You saved me the trouble of clicking on the link!


----------



## COguy (Dec 1, 2011)

There's a pretty good mix on this forum of traditional, what I would consider RPWs, and new age feminists.


----------



## Dreald (Aug 30, 2012)

heartsbeating said:


> You saved me the trouble of clicking on the link!


Ignorance is bliss, isn't it? And how the Hamster loves the freedom to run free, clear of the death defying gravity of logic and accountability. :smthumbup:


----------



## AnnieAsh (Aug 22, 2012)

Dreald said:


> I added the bolded because it provided a frame of reference that couldn't be dismissed as 'misogynistic' thinking because it was often responded to by other Women.
> 
> No, if that's all that you've gathered from RPW, you've only taken a cursory glance (shocking) and come up with your own gilded perspective. I'd like you to challenge some of those women who changed themselves and consequently were happier in their marriage and themselves.
> 
> Will you do it? I'd like to see that dialogue.


LOL I actually would LOVE to! I bookmarked it for after the twins hit the hay. 

But honestly, no need to be rude.


----------



## AnnieAsh (Aug 22, 2012)

heartsbeating said:


> You saved me the trouble of clicking on the link!


I enjoy browsing forums and whatnot and I tried to get more in depth except 2 mean old babies needed to eat. 

I just don't get OP's rudeness?


----------



## Dreald (Aug 30, 2012)

COguy said:


> There's a pretty good mix on this forum of traditional, what I would consider RPWs, and new age feminists.


Hmm, my take is that's there's a few RPW in the making, but I think the vast majority of women are still in that Marriage 2.0 mindset. 

Men are waking up -- thanks to the Internet, sites like MGTOWHQ, REDPILL BLOGSPOT, REDDIT/RED PILL, REDDIT/RED PILL WOMEN, AVOICEFORMEN, GIRL WRITES WHAT (YOUTUBE) are showing the issues you face when dealing with entitled/feminist/privileged women nowadays.

Even Bloomberg is acknowledging that being single is the preferable choice:

Is Everybody Single?
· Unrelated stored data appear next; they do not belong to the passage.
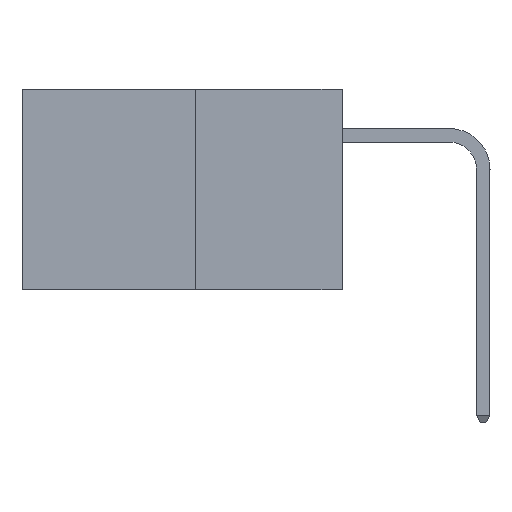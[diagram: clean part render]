
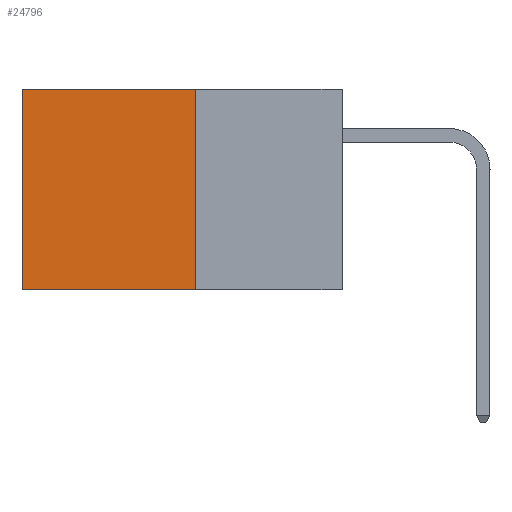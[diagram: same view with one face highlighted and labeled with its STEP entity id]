
A CAD part, left-side view. The second image highlights one B-rep face of the part: STEP entity #24796.
In plain terms, the highlighted planar face has unit normal (-1, 0, 0).
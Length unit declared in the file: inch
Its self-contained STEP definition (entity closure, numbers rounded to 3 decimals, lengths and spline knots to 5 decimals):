
#971 = CARTESIAN_POINT ( 'NONE',  ( 0.277, 0.27, -0.37 ) ) ;
#1336 = LINE ( 'NONE', #21537, #31297 ) ;
#1693 = ORIENTED_EDGE ( 'NONE', *, *, #30784, .F. ) ;
#2149 = DIRECTION ( 'NONE',  ( 0., 1., 0. ) ) ;
#2245 = DIRECTION ( 'NONE',  ( 0., 0., -1. ) ) ;
#2256 = CARTESIAN_POINT ( 'NONE',  ( 0.277, 0.27, -0.37 ) ) ;
#2654 = ORIENTED_EDGE ( 'NONE', *, *, #13752, .F. ) ;
#2709 = VECTOR ( 'NONE', #10597, 39.37008 ) ;
#5803 = VECTOR ( 'NONE', #26538, 39.37008 ) ;
#8907 = VERTEX_POINT ( 'NONE', #15473 ) ;
#9853 = LINE ( 'NONE', #971, #2709 ) ;
#9937 = VERTEX_POINT ( 'NONE', #20361 ) ;
#10597 = DIRECTION ( 'NONE',  ( 0., 0., -1. ) ) ;
#10841 = VECTOR ( 'NONE', #2245, 39.37008 ) ;
#11361 = FACE_OUTER_BOUND ( 'NONE', #21416, .T. ) ;
#11648 = DIRECTION ( 'NONE',  ( 0., 0., -1. ) ) ;
#13752 = EDGE_CURVE ( 'NONE', #29408, #14626, #9853, .T. ) ;
#14304 = CARTESIAN_POINT ( 'NONE',  ( 0.277, 0.59, -0.37 ) ) ;
#14626 = VERTEX_POINT ( 'NONE', #19042 ) ;
#15473 = CARTESIAN_POINT ( 'NONE',  ( 0.277, 0.59, 0. ) ) ;
#16306 = CARTESIAN_POINT ( 'NONE',  ( 0.277, 0.27, 0. ) ) ;
#16446 = PLANE ( 'NONE',  #30985 ) ;
#19042 = CARTESIAN_POINT ( 'NONE',  ( 0.277, 0.27, -0.37 ) ) ;
#19355 = EDGE_CURVE ( 'NONE', #29408, #8907, #1336, .T. ) ;
#20227 = LINE ( 'NONE', #2256, #5803 ) ;
#20361 = CARTESIAN_POINT ( 'NONE',  ( 0.277, 0.59, -0.37 ) ) ;
#21341 = EDGE_CURVE ( 'NONE', #8907, #9937, #30991, .T. ) ;
#21416 = EDGE_LOOP ( 'NONE', ( #29266, #1693, #2654, #30977 ) ) ;
#21537 = CARTESIAN_POINT ( 'NONE',  ( 0.277, 0.27, 0. ) ) ;
#24796 = ADVANCED_FACE ( 'NONE', ( #11361 ), #16446, .F. ) ;
#26214 = DIRECTION ( 'NONE',  ( 1., 0., 0. ) ) ;
#26538 = DIRECTION ( 'NONE',  ( 0., 1., 0. ) ) ;
#29266 = ORIENTED_EDGE ( 'NONE', *, *, #21341, .T. ) ;
#29408 = VERTEX_POINT ( 'NONE', #16306 ) ;
#30784 = EDGE_CURVE ( 'NONE', #14626, #9937, #20227, .T. ) ;
#30977 = ORIENTED_EDGE ( 'NONE', *, *, #19355, .T. ) ;
#30985 = AXIS2_PLACEMENT_3D ( 'NONE', #30999, #26214, #11648 ) ;
#30991 = LINE ( 'NONE', #14304, #10841 ) ;
#30999 = CARTESIAN_POINT ( 'NONE',  ( 0.277, 0.27, -0.37 ) ) ;
#31297 = VECTOR ( 'NONE', #2149, 39.37008 ) ;

More Than Half the U.S. Now, Up From 37% in '76 - Bloomberg

Read the comments, it's quite telling about where a lot of men are at with marriage. Not all, but most. Just like AWALT...


----------



## HappyGilmore (Jul 20, 2014)

AnnieAsh said:


> I enjoy browsing forums and whatnot and I tried to get more in depth except 2 mean old babies needed to eat.
> 
> I just don't get OP's rudeness?


The dedication of the Kay apologists borders on the...religious.


----------



## Dreald (Aug 30, 2012)

AnnieAsh said:


> LOL I actually would LOVE to! I bookmarked it for after the twins hit the hay.
> 
> But honestly, no need to be rude.


Wow -- how is that rude? By challenging to something that you dismissed so readily and I simply asked that you engage the forum? Comprised of primarily women?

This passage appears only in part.